■ What you will do ■
Only lines with the string "Input" should be returned from the data below.

■ Extracted data ■
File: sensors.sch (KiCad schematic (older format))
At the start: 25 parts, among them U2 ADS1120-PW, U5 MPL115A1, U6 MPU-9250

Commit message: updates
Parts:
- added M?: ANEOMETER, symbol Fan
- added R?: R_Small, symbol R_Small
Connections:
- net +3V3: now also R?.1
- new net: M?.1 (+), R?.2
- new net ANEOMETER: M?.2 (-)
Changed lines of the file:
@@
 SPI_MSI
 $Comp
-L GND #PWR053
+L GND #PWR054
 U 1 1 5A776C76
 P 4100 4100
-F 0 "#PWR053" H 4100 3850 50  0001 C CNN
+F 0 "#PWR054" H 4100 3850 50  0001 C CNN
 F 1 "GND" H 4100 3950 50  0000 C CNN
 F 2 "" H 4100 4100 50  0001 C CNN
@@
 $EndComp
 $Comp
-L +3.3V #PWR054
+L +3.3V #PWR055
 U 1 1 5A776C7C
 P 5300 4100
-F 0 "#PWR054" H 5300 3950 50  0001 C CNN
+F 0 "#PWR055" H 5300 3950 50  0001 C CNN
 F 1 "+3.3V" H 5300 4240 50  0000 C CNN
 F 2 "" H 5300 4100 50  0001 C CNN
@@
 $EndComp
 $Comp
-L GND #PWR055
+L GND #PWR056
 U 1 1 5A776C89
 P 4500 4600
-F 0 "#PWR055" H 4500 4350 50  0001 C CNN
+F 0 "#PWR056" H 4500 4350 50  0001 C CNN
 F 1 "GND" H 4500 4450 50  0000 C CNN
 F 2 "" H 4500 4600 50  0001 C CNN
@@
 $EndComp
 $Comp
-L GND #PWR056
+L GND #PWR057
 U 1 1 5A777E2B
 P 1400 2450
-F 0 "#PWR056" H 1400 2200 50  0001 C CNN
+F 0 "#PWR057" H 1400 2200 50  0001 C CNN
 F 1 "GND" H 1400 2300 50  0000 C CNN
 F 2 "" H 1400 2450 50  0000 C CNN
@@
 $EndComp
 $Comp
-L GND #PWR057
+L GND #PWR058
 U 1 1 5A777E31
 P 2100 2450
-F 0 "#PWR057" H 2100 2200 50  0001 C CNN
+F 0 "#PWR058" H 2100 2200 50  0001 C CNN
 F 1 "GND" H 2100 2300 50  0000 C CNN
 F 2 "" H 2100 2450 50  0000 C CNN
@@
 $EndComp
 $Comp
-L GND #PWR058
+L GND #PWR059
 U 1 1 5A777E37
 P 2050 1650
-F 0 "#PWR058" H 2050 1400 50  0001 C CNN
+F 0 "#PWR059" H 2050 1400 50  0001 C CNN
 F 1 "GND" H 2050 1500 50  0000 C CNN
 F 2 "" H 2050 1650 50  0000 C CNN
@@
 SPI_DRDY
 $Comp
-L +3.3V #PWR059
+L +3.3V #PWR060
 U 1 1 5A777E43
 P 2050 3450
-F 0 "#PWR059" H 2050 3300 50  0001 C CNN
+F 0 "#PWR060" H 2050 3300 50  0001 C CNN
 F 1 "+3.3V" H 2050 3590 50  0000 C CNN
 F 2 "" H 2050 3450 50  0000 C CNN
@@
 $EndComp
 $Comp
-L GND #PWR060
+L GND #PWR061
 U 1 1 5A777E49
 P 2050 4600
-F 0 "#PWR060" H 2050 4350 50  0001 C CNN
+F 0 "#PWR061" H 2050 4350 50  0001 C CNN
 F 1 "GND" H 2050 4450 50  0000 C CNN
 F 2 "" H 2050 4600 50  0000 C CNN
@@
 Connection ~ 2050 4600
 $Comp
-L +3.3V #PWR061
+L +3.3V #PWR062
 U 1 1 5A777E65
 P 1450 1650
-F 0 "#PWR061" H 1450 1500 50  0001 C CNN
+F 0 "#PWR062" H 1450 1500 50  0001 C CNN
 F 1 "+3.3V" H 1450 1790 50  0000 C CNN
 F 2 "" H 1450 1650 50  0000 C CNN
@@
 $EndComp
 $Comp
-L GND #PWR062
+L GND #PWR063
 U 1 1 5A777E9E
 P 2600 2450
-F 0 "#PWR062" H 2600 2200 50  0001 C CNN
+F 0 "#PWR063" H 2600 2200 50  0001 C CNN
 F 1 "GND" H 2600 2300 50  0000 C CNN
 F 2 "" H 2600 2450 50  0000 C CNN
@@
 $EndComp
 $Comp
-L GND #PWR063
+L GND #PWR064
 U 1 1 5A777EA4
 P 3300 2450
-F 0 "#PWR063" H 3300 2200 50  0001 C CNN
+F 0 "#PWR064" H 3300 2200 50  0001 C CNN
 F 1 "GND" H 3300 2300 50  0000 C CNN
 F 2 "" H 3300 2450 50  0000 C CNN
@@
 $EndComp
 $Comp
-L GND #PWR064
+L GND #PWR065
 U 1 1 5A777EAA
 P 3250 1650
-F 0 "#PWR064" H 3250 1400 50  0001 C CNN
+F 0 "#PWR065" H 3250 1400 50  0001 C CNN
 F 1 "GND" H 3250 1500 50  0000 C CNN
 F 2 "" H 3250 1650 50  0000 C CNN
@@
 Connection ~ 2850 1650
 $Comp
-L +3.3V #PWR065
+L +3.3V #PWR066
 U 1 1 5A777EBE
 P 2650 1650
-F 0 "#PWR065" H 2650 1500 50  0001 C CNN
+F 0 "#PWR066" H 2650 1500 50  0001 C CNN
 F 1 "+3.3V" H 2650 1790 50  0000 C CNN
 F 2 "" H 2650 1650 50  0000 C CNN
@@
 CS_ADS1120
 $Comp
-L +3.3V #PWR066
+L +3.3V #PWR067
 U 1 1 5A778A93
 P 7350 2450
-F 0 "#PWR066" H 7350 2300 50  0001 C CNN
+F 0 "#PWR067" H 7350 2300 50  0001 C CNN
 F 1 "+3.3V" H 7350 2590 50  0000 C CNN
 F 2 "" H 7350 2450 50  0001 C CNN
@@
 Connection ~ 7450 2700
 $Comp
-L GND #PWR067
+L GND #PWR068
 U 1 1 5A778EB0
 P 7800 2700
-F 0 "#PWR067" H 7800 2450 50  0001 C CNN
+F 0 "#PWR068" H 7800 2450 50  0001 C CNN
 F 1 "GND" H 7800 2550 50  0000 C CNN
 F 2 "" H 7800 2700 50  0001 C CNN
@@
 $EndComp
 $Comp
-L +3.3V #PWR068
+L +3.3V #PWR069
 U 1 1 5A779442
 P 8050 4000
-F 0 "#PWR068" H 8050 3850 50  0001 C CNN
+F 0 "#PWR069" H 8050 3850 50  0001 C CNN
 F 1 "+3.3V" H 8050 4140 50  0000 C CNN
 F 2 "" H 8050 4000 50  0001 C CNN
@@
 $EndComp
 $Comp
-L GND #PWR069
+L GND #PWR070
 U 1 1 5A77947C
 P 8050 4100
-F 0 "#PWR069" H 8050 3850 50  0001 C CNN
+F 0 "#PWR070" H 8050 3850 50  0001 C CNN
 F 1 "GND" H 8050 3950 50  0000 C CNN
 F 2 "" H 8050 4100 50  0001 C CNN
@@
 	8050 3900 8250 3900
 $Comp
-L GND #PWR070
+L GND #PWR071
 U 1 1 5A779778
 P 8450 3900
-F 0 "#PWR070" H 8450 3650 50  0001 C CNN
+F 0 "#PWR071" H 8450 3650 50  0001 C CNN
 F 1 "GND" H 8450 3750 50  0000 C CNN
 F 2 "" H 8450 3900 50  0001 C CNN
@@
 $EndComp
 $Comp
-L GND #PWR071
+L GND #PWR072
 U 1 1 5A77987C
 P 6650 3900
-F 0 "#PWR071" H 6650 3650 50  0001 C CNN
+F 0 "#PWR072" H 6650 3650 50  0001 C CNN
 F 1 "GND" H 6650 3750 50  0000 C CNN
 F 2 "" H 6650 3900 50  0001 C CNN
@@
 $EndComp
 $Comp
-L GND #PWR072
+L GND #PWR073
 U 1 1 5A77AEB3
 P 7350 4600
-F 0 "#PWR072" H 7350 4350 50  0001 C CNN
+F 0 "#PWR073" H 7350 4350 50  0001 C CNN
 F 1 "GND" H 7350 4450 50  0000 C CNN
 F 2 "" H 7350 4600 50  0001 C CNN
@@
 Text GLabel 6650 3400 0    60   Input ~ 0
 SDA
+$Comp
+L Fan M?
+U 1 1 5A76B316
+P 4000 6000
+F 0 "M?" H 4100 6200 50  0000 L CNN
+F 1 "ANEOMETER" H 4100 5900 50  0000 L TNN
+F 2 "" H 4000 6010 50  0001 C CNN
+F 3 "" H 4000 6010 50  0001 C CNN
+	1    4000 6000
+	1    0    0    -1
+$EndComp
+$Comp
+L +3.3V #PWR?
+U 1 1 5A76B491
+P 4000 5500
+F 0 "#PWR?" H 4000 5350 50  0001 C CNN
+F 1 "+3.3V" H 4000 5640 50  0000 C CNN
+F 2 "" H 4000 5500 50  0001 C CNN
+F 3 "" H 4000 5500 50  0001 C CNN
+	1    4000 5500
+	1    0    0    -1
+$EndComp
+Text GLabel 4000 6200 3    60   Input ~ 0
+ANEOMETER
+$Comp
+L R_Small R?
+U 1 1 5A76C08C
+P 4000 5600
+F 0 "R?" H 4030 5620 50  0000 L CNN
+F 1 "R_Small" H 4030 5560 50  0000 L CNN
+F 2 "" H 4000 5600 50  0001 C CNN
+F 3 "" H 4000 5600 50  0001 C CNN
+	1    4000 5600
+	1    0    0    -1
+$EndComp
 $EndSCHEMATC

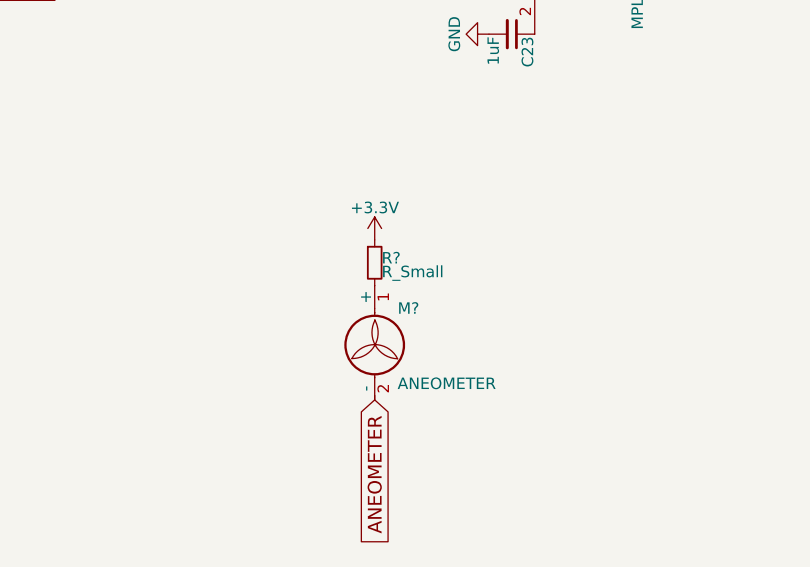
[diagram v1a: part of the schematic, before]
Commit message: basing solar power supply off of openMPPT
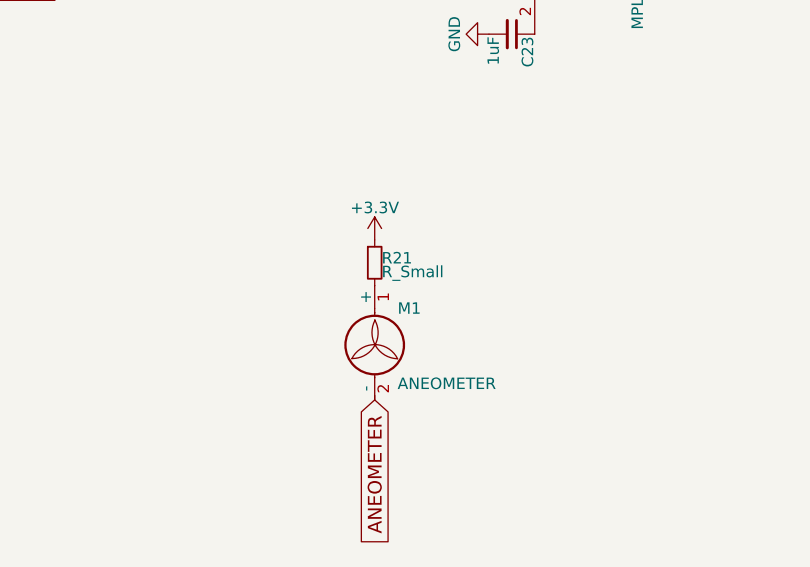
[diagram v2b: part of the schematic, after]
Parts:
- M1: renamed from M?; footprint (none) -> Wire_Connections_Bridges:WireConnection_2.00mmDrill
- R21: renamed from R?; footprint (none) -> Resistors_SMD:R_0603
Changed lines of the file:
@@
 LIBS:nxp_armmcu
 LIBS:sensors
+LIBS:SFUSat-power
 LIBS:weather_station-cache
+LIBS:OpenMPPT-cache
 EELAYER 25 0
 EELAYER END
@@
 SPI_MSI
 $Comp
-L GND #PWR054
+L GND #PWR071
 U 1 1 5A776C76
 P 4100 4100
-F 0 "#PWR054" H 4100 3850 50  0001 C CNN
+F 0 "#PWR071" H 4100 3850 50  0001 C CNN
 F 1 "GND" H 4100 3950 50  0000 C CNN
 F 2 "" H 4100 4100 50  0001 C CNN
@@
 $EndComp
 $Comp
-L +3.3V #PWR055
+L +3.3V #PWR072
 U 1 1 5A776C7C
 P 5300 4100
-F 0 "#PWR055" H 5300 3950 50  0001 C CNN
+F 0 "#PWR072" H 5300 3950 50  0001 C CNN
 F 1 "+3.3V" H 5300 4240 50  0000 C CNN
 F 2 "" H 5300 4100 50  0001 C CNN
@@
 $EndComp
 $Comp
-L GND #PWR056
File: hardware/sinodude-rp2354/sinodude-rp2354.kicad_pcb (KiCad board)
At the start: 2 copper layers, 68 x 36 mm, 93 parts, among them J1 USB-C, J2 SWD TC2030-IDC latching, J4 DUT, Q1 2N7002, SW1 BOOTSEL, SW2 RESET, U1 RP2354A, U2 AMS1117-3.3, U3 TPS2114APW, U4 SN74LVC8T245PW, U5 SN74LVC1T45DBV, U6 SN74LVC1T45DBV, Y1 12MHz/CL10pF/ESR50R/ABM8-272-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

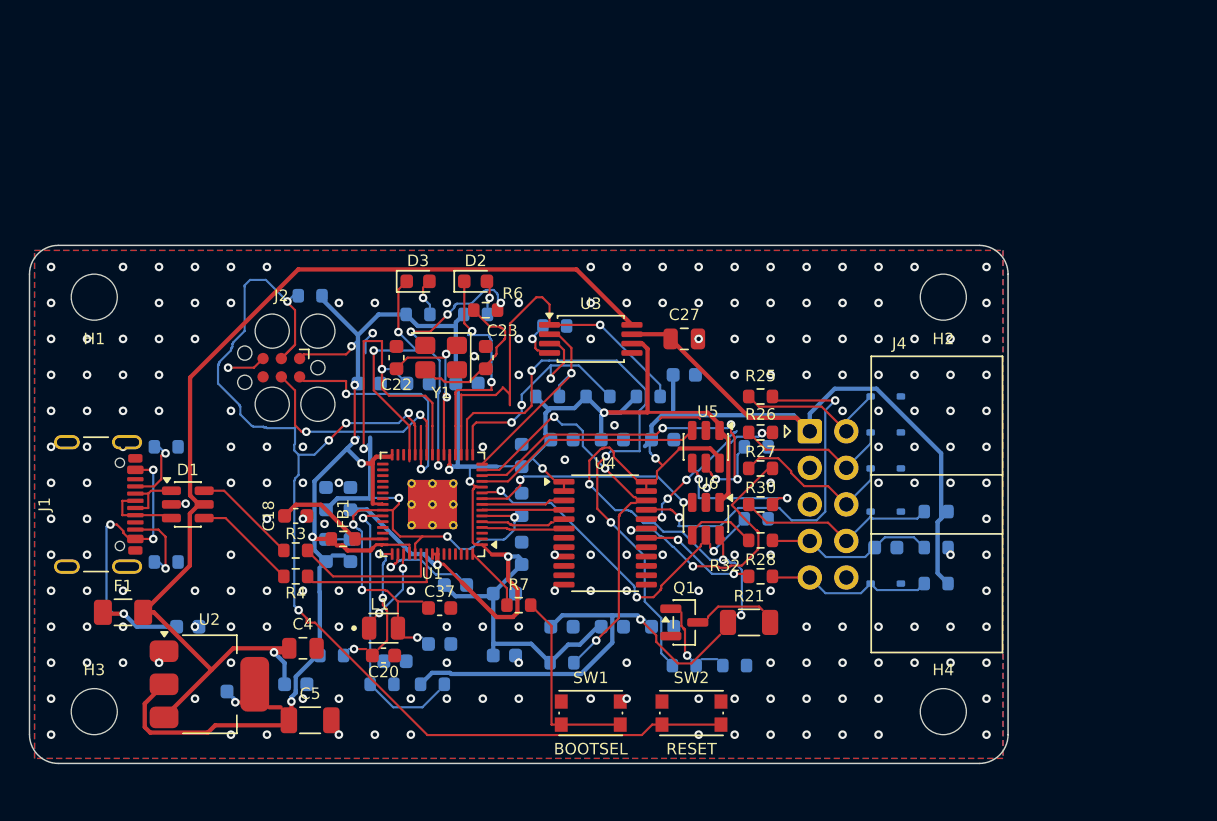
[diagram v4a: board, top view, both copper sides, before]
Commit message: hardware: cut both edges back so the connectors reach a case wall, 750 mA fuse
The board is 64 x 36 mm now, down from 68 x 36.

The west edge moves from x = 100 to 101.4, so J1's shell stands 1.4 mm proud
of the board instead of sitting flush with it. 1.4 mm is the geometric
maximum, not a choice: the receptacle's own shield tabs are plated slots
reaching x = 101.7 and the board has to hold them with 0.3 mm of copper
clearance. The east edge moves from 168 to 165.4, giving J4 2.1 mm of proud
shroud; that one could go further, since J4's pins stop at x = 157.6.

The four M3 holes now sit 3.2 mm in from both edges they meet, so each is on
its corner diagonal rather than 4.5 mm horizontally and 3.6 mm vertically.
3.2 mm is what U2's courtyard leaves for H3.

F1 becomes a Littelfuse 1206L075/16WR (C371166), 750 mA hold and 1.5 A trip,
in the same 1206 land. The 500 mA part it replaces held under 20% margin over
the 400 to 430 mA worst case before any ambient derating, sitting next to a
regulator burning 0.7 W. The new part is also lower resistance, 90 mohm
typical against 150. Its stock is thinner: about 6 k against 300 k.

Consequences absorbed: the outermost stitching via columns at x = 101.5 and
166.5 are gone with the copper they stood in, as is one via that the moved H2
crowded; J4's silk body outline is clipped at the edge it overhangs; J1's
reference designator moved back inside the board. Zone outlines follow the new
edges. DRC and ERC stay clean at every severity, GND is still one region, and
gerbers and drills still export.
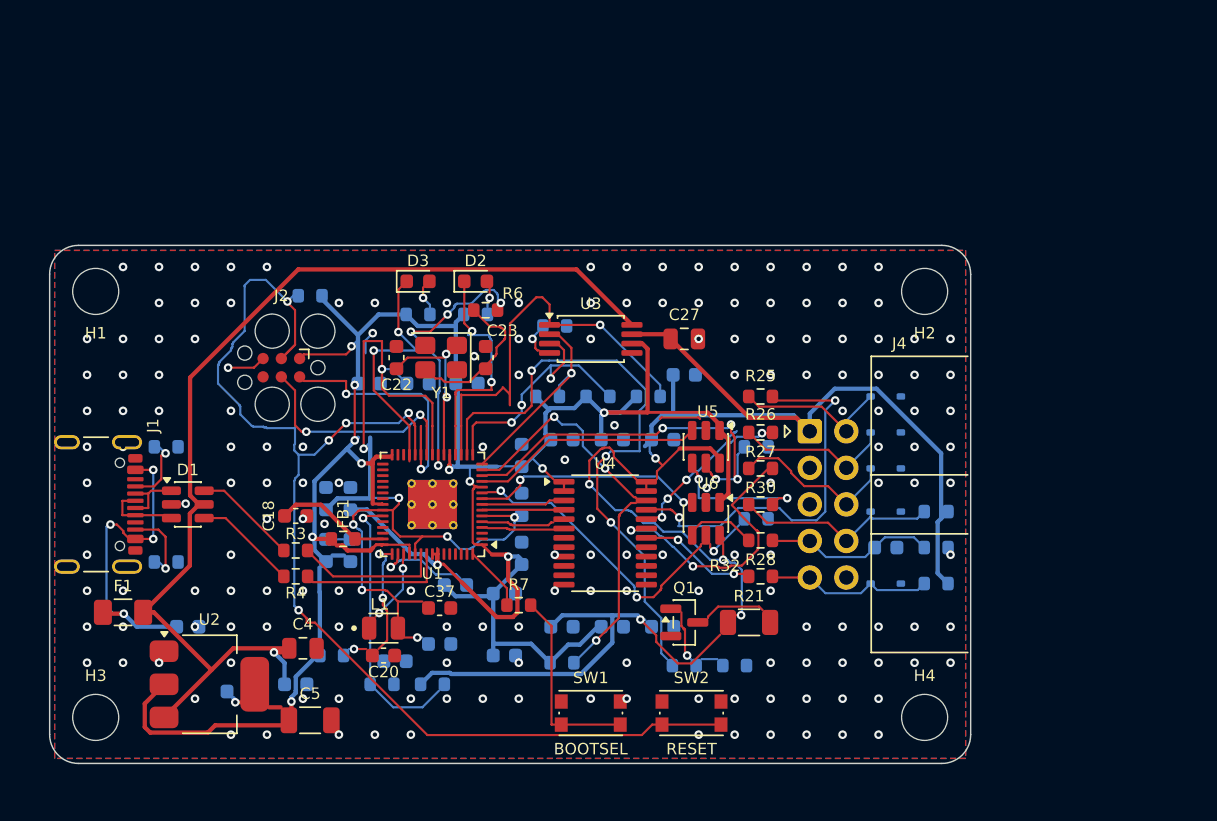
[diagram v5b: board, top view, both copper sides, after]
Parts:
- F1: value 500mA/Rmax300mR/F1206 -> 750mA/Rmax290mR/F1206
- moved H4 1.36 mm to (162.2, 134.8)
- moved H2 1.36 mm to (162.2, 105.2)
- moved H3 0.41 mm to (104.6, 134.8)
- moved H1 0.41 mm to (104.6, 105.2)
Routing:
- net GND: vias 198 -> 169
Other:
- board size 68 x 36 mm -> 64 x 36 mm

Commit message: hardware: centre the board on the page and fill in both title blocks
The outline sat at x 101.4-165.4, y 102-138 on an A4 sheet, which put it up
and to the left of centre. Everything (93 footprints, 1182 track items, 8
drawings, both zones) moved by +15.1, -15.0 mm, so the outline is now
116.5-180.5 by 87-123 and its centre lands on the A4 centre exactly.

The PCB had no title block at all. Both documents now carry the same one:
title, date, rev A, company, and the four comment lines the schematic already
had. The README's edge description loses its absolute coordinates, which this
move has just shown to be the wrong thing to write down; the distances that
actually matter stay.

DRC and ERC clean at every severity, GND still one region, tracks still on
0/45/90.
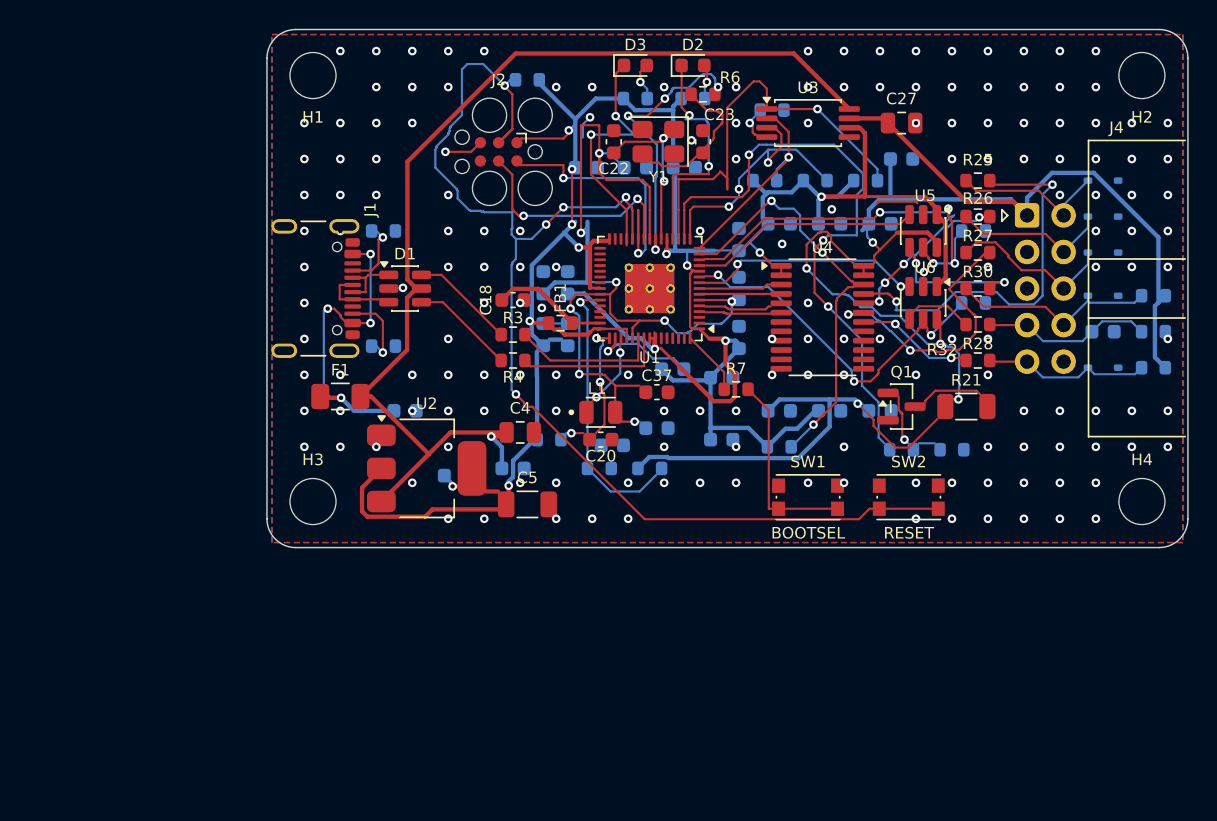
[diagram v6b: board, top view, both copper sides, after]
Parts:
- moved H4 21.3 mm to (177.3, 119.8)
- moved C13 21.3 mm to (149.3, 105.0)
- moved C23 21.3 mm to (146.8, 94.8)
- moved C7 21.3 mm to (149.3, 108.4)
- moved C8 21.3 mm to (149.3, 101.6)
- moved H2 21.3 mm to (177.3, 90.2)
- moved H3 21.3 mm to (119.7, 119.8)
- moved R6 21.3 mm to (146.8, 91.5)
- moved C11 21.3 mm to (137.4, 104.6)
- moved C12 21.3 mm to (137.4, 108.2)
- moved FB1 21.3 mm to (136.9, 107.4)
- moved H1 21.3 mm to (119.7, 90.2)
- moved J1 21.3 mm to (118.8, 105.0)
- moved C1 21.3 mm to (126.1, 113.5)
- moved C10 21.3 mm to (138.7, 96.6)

■ Exercise answer ■
 Text GLabel 6650 3400 0    60   Input ~ 0
+Text GLabel 4000 6200 3    60   Input ~ 0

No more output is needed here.